H2 Binding, Splitting, and Net Hydrogen Atom Transfer at a Paramagnetic Iron Complex Demyan E. Prokopchuk,‡,† Geoffrey M. Chambers,‡ Eric D. Walter,§ Michael T. Mock,‡ and R. Morris Bullock*,‡ Center for Molecular Electrocatalysis, Pacific Northwest National Laboratory, Richland, WA 99352, United States § Environmental Molecular Sciences Laboratory, Pacific Northwest National Laboratory, Richland, WA 99352, United States ‡

ABSTRACT: While diamagnetic transition metal complexes that bind and split H 2 have been extensively studied, paramagnetic complexes that exhibit this behavior remain rare. The square planar S = ½ FeI(P4N2)+ cation (FeI+) reversibly binds H2/D2 in solution, exhibiting an inverse equilibrium isotope effect of KH2/KD2 = 0.58(4) at -5.0 °C. In the presence of excess H2, the dihydrogen complex FeI(H2)+ cleaves H2 at 25 °C in a net hydrogen atom transfer reaction, producing the dihydrogen-hydride trans-FeII(H)(H2)+. The proposed mechanism of H2 splitting involves both intra- and intermolecular steps, resulting in a mixed first- and second-order rate law with respect to initial [FeI+]. The key intermediate is a paramagnetic dihydride complex, trans-FeIII(H)2+, whose weak FeIII-H bond dissociation free energy (calculated BDFE = 44 kcal/mol) leads to bimetallic H-H homolysis, generating trans-FeII(H)(H2)+. Reaction kinetics, thermodynamics, electrochemistry, EPR spectroscopy, and DFT calculations support the proposed mechanism.

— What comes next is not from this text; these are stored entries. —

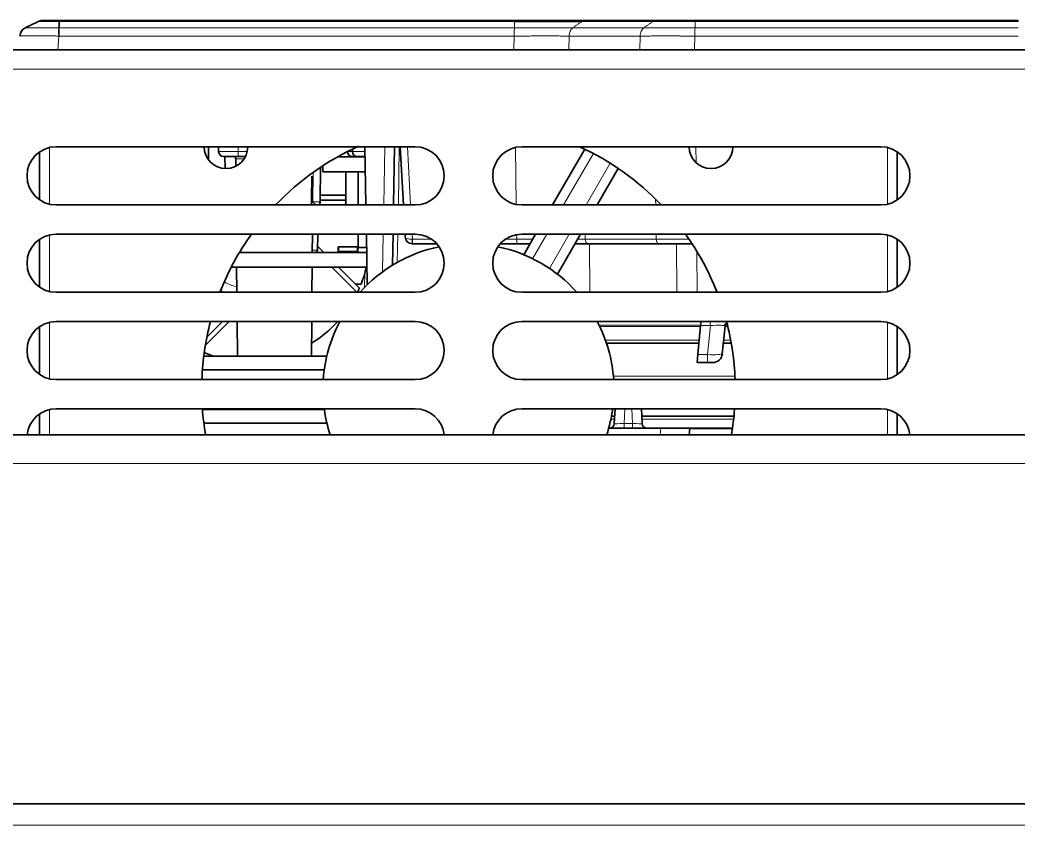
# Model space of a CAD drawing. Header units: inches. Extents: x -1096 to 3103, y -191 to 3207.
# Drawn here: x 1441.9 to 1544.8, y 3047.9 to 3130.9 of the extents above; entities that cross this region are included whole.
import ezdxf

# ---------------------------------------------------------------- set-up
doc = ezdxf.new("R2010")
doc.units = ezdxf.units.IN

msp = doc.modelspace()

# ---------------------------------------------------------------- linework, layer by layer
at = {"lineweight": 35}
for p, q in [((1445.91, 3130.84), (1492.84, 3130.84)), ((1462.43, 3130.84), (1462.43, 3130.9)), ((1500.1, 3130.84), (1507.42, 3130.84)), ((1504.82, 3130.9), (1504.82, 3130.84)), ((1506.6, 3130.9), (1506.6, 3130.84)), ((1511.46, 3130.84), (1544.75, 3130.84)), ((1521.21, 3130.9), (1521.21, 3130.84)), ((1525.48, 3130.84), (1525.48, 3130.9)), ((1533.75, 3130.84), (1533.75, 3130.9)), ((1411.52, 3127.84), (1644.69, 3127.84)), ((1460.61, 3127.84), (1460.61, 3127.84)), ((1481.73, 3127.84), (1481.73, 3127.84)), ((1484.08, 3127.84), (1484.08, 3127.84)), ((1490.54, 3127.84), (1490.54, 3127.84)), ((1443.91, 3112.37), (1443.91, 3117.31)), ((1445.61, 3117.84), (1482.61, 3117.84)), ((1461.33, 3117.84), (1461.33, 3116.46)), ((1462.36, 3117.34), (1462.36, 3117.84)), ((1475.64, 3117.35), (1475.64, 3117.34)), ((1476.14, 3117.6), (1476.14, 3117.34)), ((1477.53, 3111.84), (1477.43, 3117.84)), ((1480.48, 3117.84), (1480.38, 3111.84)), ((1481.4, 3111.84), (1481.08, 3117.84)), ((1530.61, 3117.84), (1493.61, 3117.84)), ((1496.77, 3111.84), (1500.09, 3117.59)), ((1532.31, 3117.31), (1532.31, 3112.37)), ((1464.36, 3116.84), (1462.86, 3116.84)), ((1463.02, 3115.59), (1463, 3116.84)), ((1464.12, 3116.59), (1464.12, 3115.83)), ((1465.12, 3116.84), (1464.36, 3116.84)), ((1477.45, 3116.79), (1474.59, 3116.79)), ((1476.64, 3116.84), (1476.14, 3116.84)), ((1477.45, 3116.84), (1476.64, 3116.84)), ((1472.85, 3115.72), (1472.82, 3112.15)), ((1473.11, 3115.89), (1473.11, 3115.24)), ((1477.48, 3115.24), (1473.11, 3115.24)), ((1475.46, 3115.24), (1475.46, 3111.84)), ((1476.75, 3115.24), (1476.75, 3111.84)), ((1503.55, 3115.59), (1501.39, 3111.84)), ((1475.46, 3112.84), (1472.82, 3112.84)), ((1475.46, 3112.34), (1472.82, 3112.34)), ((1482.61, 3111.84), (1445.61, 3111.84)), ((1493.61, 3111.84), (1530.61, 3111.84)), ((1445.61, 3108.84), (1482.61, 3108.84)), ((1472.01, 3106.93), (1472.03, 3108.84)), ((1472.57, 3108.84), (1472.55, 3107.19)), ((1476.75, 3108.84), (1476.75, 3107.44)), ((1477.68, 3103.62), (1477.59, 3108.84)), ((1480.33, 3108.84), (1480.27, 3105.63)), ((1481.57, 3108.55), (1481.55, 3108.84)), ((1530.61, 3108.84), (1493.61, 3108.84)), ((1493.81, 3106.71), (1495.03, 3108.84)), ((1499.65, 3108.84), (1497.27, 3104.71)), ((1443.91, 3103.37), (1443.91, 3108.31)), ((1482.33, 3107.84), (1482.32, 3107.84)), ((1484.84, 3107.84), (1482.33, 3107.84)), ((1493.08, 3107.84), (1491.37, 3107.84)), ((1494.46, 3107.84), (1493.08, 3107.84)), ((1500.5, 3107.84), (1499.08, 3107.84)), ((1507.81, 3107.84), (1500.5, 3107.84)), ((1511.15, 3107.84), (1507.81, 3107.84)), ((1532.31, 3108.31), (1532.31, 3103.37)), ((1477.62, 3106.93), (1464.49, 3106.93)), ((1472.3, 3106.94), (1472.01, 3106.94)), ((1472.51, 3106.93), (1472.45, 3106.99)), ((1473.21, 3106.93), (1472.55, 3107.59)), ((1474.69, 3107.03), (1474.69, 3107.53)), ((1474.69, 3107.53), (1474.95, 3107.53)), ((1474.99, 3107.03), (1474.69, 3107.03)), ((1474.71, 3107.51), (1474.71, 3107.05)), ((1476.67, 3107.51), (1474.71, 3107.51)), ((1474.71, 3107.05), (1476.67, 3107.05)), ((1474.95, 3107.53), (1474.99, 3107.53)), ((1474.99, 3107.53), (1476.39, 3107.53)), ((1476.39, 3107.53), (1476.43, 3107.53)), ((1476.69, 3107.03), (1476.39, 3107.03)), ((1476.43, 3107.53), (1476.69, 3107.53)), ((1476.67, 3107.05), (1476.67, 3107.51)), ((1476.69, 3107.53), (1476.69, 3107.03)), ((1477.61, 3107.44), (1476.75, 3107.44)), ((1477.65, 3105.43), (1463.66, 3105.43)), ((1463.66, 3105.43), (1477.65, 3105.43)), ((1464.21, 3105.43), (1464.24, 3102.84)), ((1471.98, 3102.84), (1472, 3105.43)), ((1476.6, 3102.84), (1474.01, 3105.43)), ((1476.87, 3103.28), (1474.71, 3105.43)), ((1482.61, 3102.84), (1445.61, 3102.84)), ((1477.04, 3103.68), (1476.46, 3103.68)), ((1493.61, 3102.84), (1530.61, 3102.84)), ((1445.61, 3099.84), (1482.61, 3099.84)), ((1460.98, 3097.36), (1463.46, 3099.84)), ((1461.14, 3098.22), (1462.76, 3099.84)), ((1464.26, 3099.84), (1464.29, 3096.26)), ((1471.92, 3096.26), (1471.95, 3099.84)), ((1530.61, 3099.84), (1493.61, 3099.84)), ((1512.04, 3099.43), (1512.08, 3099.84)), ((1443.91, 3094.37), (1443.91, 3099.31)), ((1512.04, 3099.43), (1511.75, 3096.43)), ((1514.55, 3099.39), (1514.27, 3096.51)), ((1532.31, 3099.31), (1532.31, 3094.37)), ((1502.33, 3097.61), (1511.87, 3097.61)), ((1514.38, 3097.61), (1515.19, 3097.61)), ((1460.82, 3096.26), (1473.5, 3096.26)), ((1511.67, 3095.6), (1511.75, 3096.43)), ((1512.77, 3095.6), (1511.67, 3095.6)), ((1513.28, 3095.6), (1512.77, 3095.6)), ((1460.68, 3094.84), (1473.24, 3094.84)), ((1482.61, 3093.84), (1445.61, 3093.84)), ((1493.61, 3093.84), (1530.61, 3093.84)), ((1445.61, 3090.84), (1482.61, 3090.84)), ((1530.61, 3090.84), (1493.61, 3090.84)), ((1503.14, 3089.31), (1503.22, 3090.84)), ((1505.93, 3090.84), (1506.01, 3089.31)), ((1443.91, 3088.14), (1443.91, 3090.31)), ((1473.52, 3089.34), (1460.83, 3089.34)), ((1502.85, 3090.06), (1503.18, 3090.06)), ((1505.97, 3090.06), (1515.47, 3090.06)), ((1532.31, 3090.31), (1532.31, 3088.14)), ((1507.94, 3088.84), (1502.56, 3088.84)), ((1507.94, 3088.84), (1510.92, 3088.84)), ((1510.92, 3088.84), (1510.85, 3088.14)), ((1510.92, 3088.84), (1515.31, 3088.84)), ((1271.13, 3088.14), (1785.08, 3088.14))]:
    msp.add_line(p, q, dxfattribs=at)
at = {"lineweight": 13}
for p, q in [((1492.84, 3130.74), (1445.91, 3130.74)), ((1507.11, 3130.74), (1499.79, 3130.74)), ((1544.75, 3130.74), (1511.46, 3130.74)), ((1445.87, 3130.1), (1445.91, 3130.1)), ((1445.91, 3130.1), (1492.84, 3130.1)), ((1498.86, 3130.1), (1506.18, 3130.1)), ((1511.46, 3130.1), (1544.75, 3130.1)), ((1445.87, 3129.25), (1445.8, 3127.84)), ((1492.83, 3129.25), (1445.91, 3129.25)), ((1492.8, 3127.84), (1492.83, 3129.25)), ((1498.48, 3129.25), (1498.45, 3127.84)), ((1505.8, 3129.25), (1498.48, 3129.25)), ((1505.77, 3127.84), (1505.8, 3129.25)), ((1511.45, 3129.25), (1511.42, 3127.84)), ((1544.77, 3129.25), (1511.45, 3129.25)), ((1644.69, 3125.84), (1411.52, 3125.84)), ((1444.91, 3111.92), (1444.91, 3117.76)), ((1462.36, 3117.34), (1464.36, 3117.34)), ((1464.36, 3117.84), (1464.36, 3117.34)), ((1464.36, 3117.34), (1465.3, 3117.34)), ((1464.36, 3116.84), (1464.36, 3117.34)), ((1475.64, 3117.35), (1475.63, 3117.35)), ((1475.64, 3117.34), (1476.14, 3117.34)), ((1476.14, 3117.34), (1477.44, 3117.34)), ((1479.38, 3111.84), (1479.48, 3117.82)), ((1479.48, 3117.82), (1479.48, 3117.84)), ((1480.98, 3117.84), (1480.88, 3111.84)), ((1481.83, 3117.84), (1482.15, 3111.84)), ((1493.03, 3111.9), (1492.94, 3117.77)), ((1500.98, 3117.14), (1497.92, 3111.84)), ((1500.01, 3117.63), (1500.01, 3117.46)), ((1511.56, 3117.84), (1511.59, 3116.18)), ((1531.31, 3117.76), (1531.31, 3111.92)), ((1464.98, 3116.59), (1464.12, 3116.59)), ((1502.71, 3116.14), (1500.23, 3111.84)), ((1472.07, 3112.15), (1472.09, 3115.2)), ((1471.94, 3112.02), (1472.07, 3112.15)), ((1507.41, 3111.84), (1507.4, 3112.44)), ((1479.26, 3104.95), (1479.33, 3108.84)), ((1480.83, 3108.84), (1480.77, 3105.93)), ((1482.3, 3108.84), (1482.33, 3108.32)), ((1496.19, 3108.84), (1494.72, 3106.3)), ((1498.5, 3108.84), (1496.46, 3105.3)), ((1500.14, 3108.84), (1500.14, 3108.32)), ((1507.46, 3108.32), (1507.45, 3108.84)), ((1444.91, 3102.92), (1444.91, 3108.76)), ((1482.33, 3108.32), (1482.33, 3107.84)), ((1482.33, 3108.32), (1484.29, 3108.32)), ((1491.92, 3108.32), (1493.08, 3108.32)), ((1493.08, 3108.32), (1493.07, 3108.79)), ((1493.08, 3107.84), (1493.08, 3108.32)), ((1500.14, 3108.32), (1507.46, 3108.32)), ((1500.58, 3107.84), (1500.62, 3102.84)), ((1509.57, 3102.84), (1509.54, 3107.84)), ((1531.31, 3108.76), (1531.31, 3102.92)), ((1511.66, 3107.03), (1511.69, 3102.84)), ((1477.43, 3104.84), (1477.4, 3103.35)), ((1444.91, 3093.92), (1444.91, 3099.76)), ((1531.31, 3099.76), (1531.31, 3093.92)), ((1501.57, 3099.46), (1512.04, 3099.46)), ((1501.63, 3099.33), (1512.03, 3099.33)), ((1513.04, 3099.43), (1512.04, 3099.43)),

The coordination and reactivity of H2 ligands in diamagnetic transition metal complexes has been intensely studied for decades.1 Recent efforts in sustainable energy have focused on using dihydrogen (H2) or protons/electrons (H+/e-) as energy carriers that are interconverted using molecular electrocatalysts.2 The thermodynamic bias for electrocatalytic H2 production or the reverse reaction, H2 oxidation, can be strongly influenced by modification of the ligand. Reactivity of these diamagnetic dihydrogen complexes is easily probed by NMR spectroscopy.3 Reactions of paramagnetic metal complexes with H2 have important implications for biological processes involving hydrogenase4 and nitrogenase5 enzymes, yet detailed reports of H2 binding/splitting with paramagnetic complexes are rare.1a,6 H2 binding to paramagnetic metal complexes has been postulated in a few instances,7 and three paramagnetic H2 complexes have been thoroughly characterized using advanced EPR spectroscopic techniques (Figure 1A-B).8 The S = ½ FeI(η2-H2)(SiPiPr3) and Co0(η2-H2)(BPiPr3) complexes (A) reversibly bind H2. The recently reported complex [FeI(H2)(depe)2]+ (B) reacts irreversibly with H2 to generate trans-[FeII(H)(H2)(depe)2]+. In terms of H2 cleavage by open-shell complexes, early kinetic studies of [CoII(CN)5]3- 9 and Co2(CO)810 provide evidence for a bimetallic transition state, [M---H---H---M]‡, where H2 homolysis furnishes diamagnetic metal hydride products.11 For example, the porphyrin complex RhII(TMP) (TMP = tetramesitylporphyrinato) cleaves H2 to generate diamagnetic RhIIIH(TMP), as demonstrated by clean second-

Figure 1. Selected paramagnetic M-H2 complexes (A, B) and terminal M-H complexes (C, D).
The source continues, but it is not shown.